# Navarre BEACH Sailfish......



## NICHOLAS

Went to navarre beach Saturday morning with a bunch of friends. This trip started out very slow, but quickly turned into one of the most insane and memorable fishing trips I have been a part of. One friend sunk their yak, while another hooked, fought, caught, a 50lb Sailfish. I will post a full report with pictures as soon as I get them.


----------



## nb&twil

that was always my goal when i kayak fished from navarre. did really well with kings, and even caught cobia, but never was able to find a sailfish. that's so cool to hear that someone did it! i can't wait to see some pictures and read the details. congrats!


----------



## Whitie9688

i cant wait to read the details on this one! sounds like one heck of a time!


----------



## Chris V

I can't quite help but feel just a little bit jealous and green with envy on this one. That is freakin awesome andI can't wait to see the pics.


----------



## Sgt SeaSick

Jealousy doesnt begin to describe my feeling right now. Wow, cant wait to see the pics.


----------



## Brant Peacher

Nice job nick! I talked to Kevin last night. That's awesome....


----------



## jigslinger

Now THAT would be the ultimate cool thing to accomplish!
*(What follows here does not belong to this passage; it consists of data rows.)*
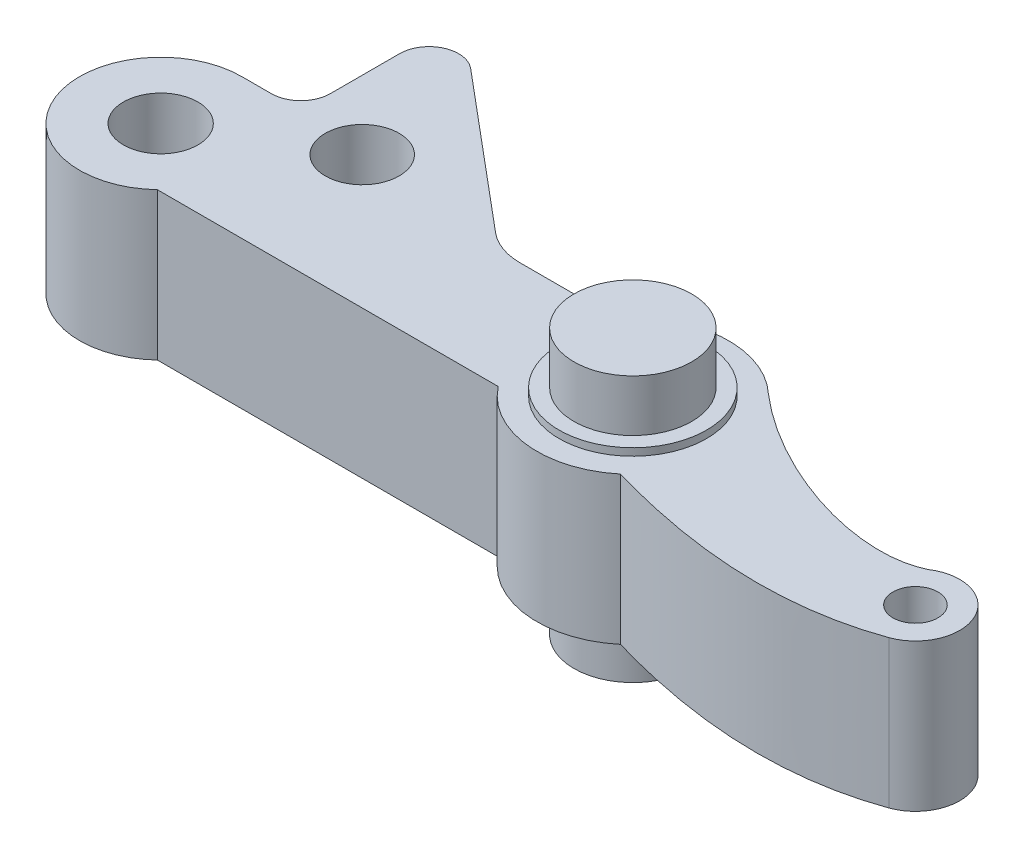
ISO-10303-21;
HEADER;
FILE_DESCRIPTION(('STEP AP214'),'2;1');
FILE_NAME('part.step','',(''),(''),'','','');
FILE_SCHEMA(('AUTOMOTIVE_DESIGN { 1 0 10303 214 1 1 1 1 }'));
ENDSEC;
DATA;
#1=APPLICATION_CONTEXT('core data for automotive mechanical design processes');
#2=APPLICATION_PROTOCOL_DEFINITION('international standard','automotive_design',2000,#1);
#3=PRODUCT_CONTEXT('',#1,'mechanical');
#4=PRODUCT('Part','Part','',(#3));
#5=PRODUCT_RELATED_PRODUCT_CATEGORY('part','',(#4));
#6=PRODUCT_DEFINITION_FORMATION('','',#4);
#7=PRODUCT_DEFINITION_CONTEXT('part definition',#1,'design');
#8=PRODUCT_DEFINITION('design','',#6,#7);
#9=PRODUCT_DEFINITION_SHAPE('','',#8);
#10=(LENGTH_UNIT() NAMED_UNIT(*) SI_UNIT(.MILLI.,.METRE.));
#11=(NAMED_UNIT(*) PLANE_ANGLE_UNIT() SI_UNIT($,.RADIAN.));
#12=(NAMED_UNIT(*) SI_UNIT($,.STERADIAN.) SOLID_ANGLE_UNIT());
#13=UNCERTAINTY_MEASURE_WITH_UNIT(LENGTH_MEASURE(1.E-05),#10,'distance_accuracy_value','');
#14=(GEOMETRIC_REPRESENTATION_CONTEXT(3) GLOBAL_UNCERTAINTY_ASSIGNED_CONTEXT((#13)) GLOBAL_UNIT_ASSIGNED_CONTEXT((#10,
#11,#12)) REPRESENTATION_CONTEXT('',''));
#15=CARTESIAN_POINT('',(0.,0.,0.));
#16=DIRECTION('',(0.,0.,1.));
#17=DIRECTION('',(1.,0.,0.));
#18=AXIS2_PLACEMENT_3D('',#15,#16,#17);
#19=CARTESIAN_POINT('',(-26.,10.,-12.1938724783223));
#20=DIRECTION('',(0.,-1.,0.));
#21=DIRECTION('',(0.,0.,-1.));
#22=AXIS2_PLACEMENT_3D('',#19,#20,#21);
#23=PLANE('',#22);
#24=CARTESIAN_POINT('',(-32.,10.,0.));
#25=DIRECTION('',(0.,1.,0.));
#26=DIRECTION('',(0.,0.,1.));
#27=AXIS2_PLACEMENT_3D('',#24,#25,#26);
#28=CIRCLE('',#27,2.52500000000001);
#29=CARTESIAN_POINT('',(-32.,10.,2.52500000000002));
#30=VERTEX_POINT('',#29);
#31=EDGE_CURVE('E328',#30,#30,#28,.T.);
#32=ORIENTED_EDGE('',*,*,#31,.F.);
#33=EDGE_LOOP('',(#32));
#34=FACE_BOUND('',#33,.T.);
#35=CARTESIAN_POINT('',(0.,10.,0.));
#36=DIRECTION('',(0.,-1.,0.));
#37=DIRECTION('',(0.,0.,-1.));
#38=AXIS2_PLACEMENT_3D('',#35,#36,#37);
#39=CIRCLE('',#38,5.);
#40=CARTESIAN_POINT('',(0.,10.,-5.));
#41=VERTEX_POINT('',#40);
#42=EDGE_CURVE('E358',#41,#41,#39,.T.);
#43=ORIENTED_EDGE('',*,*,#42,.T.);
#44=EDGE_LOOP('',(#43));
#45=FACE_BOUND('',#44,.T.);
#46=DIRECTION('',(1.,0.,0.));
#47=VECTOR('',#46,1.);
#48=CARTESIAN_POINT('',(-32.,10.,-5.5));
#49=LINE('',#48,#47);
#50=CARTESIAN_POINT('',(-32.,10.,-5.49999999999999));
#51=VERTEX_POINT('',#50);
#52=CARTESIAN_POINT('',(-30.,10.,-5.5));
#53=VERTEX_POINT('',#52);
#54=EDGE_CURVE('E146',#51,#53,#49,.T.);
#55=ORIENTED_EDGE('',*,*,#54,.F.);
#56=CARTESIAN_POINT('',(-32.,10.,0.));
#57=DIRECTION('',(0.,-1.,0.));
#58=DIRECTION('',(0.,0.,-1.));
#59=AXIS2_PLACEMENT_3D('',#56,#57,#58);
#60=CIRCLE('',#59,5.49999999999999);
#61=CARTESIAN_POINT('',(-28.2250827823647,10.,4.));
#62=VERTEX_POINT('',#61);
#63=EDGE_CURVE('E154',#62,#51,#60,.T.);
#64=ORIENTED_EDGE('',*,*,#63,.F.);
#65=DIRECTION('',(-1.,0.,0.));
#66=VECTOR('',#65,1.);
#67=CARTESIAN_POINT('',(-5.1234753829798,10.,4.));
#68=LINE('',#67,#66);
#69=CARTESIAN_POINT('',(-5.1234753829798,10.,4.));
#70=VERTEX_POINT('',#69);
#71=EDGE_CURVE('E255',#70,#62,#68,.T.);
#72=ORIENTED_EDGE('',*,*,#71,.F.);
#73=CARTESIAN_POINT('',(0.,10.,0.));
#74=DIRECTION('',(0.,-1.,0.));
#75=DIRECTION('',(0.,0.,-1.));
#76=AXIS2_PLACEMENT_3D('',#73,#74,#75);
#77=CIRCLE('',#76,6.5);
#78=CARTESIAN_POINT('',(4.15942052119713,10.,4.99491951164838));
#79=VERTEX_POINT('',#78);
#80=EDGE_CURVE('E249',#79,#70,#77,.T.);
#81=ORIENTED_EDGE('',*,*,#80,.F.);
#82=CARTESIAN_POINT('',(22.8496559981528,10.,5.50469290991867));
#83=CARTESIAN_POINT('',(17.7838552462063,10.,7.32327946457683));
#84=CARTESIAN_POINT('',(11.5537767538877,10.,7.15335499848673));
#85=CARTESIAN_POINT('',(4.15942052119713,10.,4.99491951164838));
#86=B_SPLINE_CURVE_WITH_KNOTS('',3,(#82,#83,#84,#85),.UNSPECIFIED.,.F.,.F.,(4,4),(0.,1.),.UNSPECIFIED.);
#87=CARTESIAN_POINT('',(22.8496559981528,10.,5.50469290991856));
#88=VERTEX_POINT('',#87);
#89=EDGE_CURVE('E243',#88,#79,#86,.T.);
#90=ORIENTED_EDGE('',*,*,#89,.F.);
#91=CARTESIAN_POINT('',(21.8360153361091,10.,2.68112555491325));
#92=DIRECTION('',(0.,-1.,0.));
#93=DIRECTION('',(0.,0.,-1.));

Great job and I can't wait for the pics!


----------



## [email protected]

wow...bring on the report...congrats to that dude!


----------



## Live2Kayak~Kayak4Life

thats feaking awesome. some details please! what bait? on the drift or trolling? etc....


----------



## specslayer

deff gonna need :takephoto on this one....not saying its not possible just cant take someones word that theycaught a sail on the beach especially with all this dirty water


----------



## NICHOLAS

Thanks for all the comments, I was a little hesitant to post but i knew all the kayakers would like to see.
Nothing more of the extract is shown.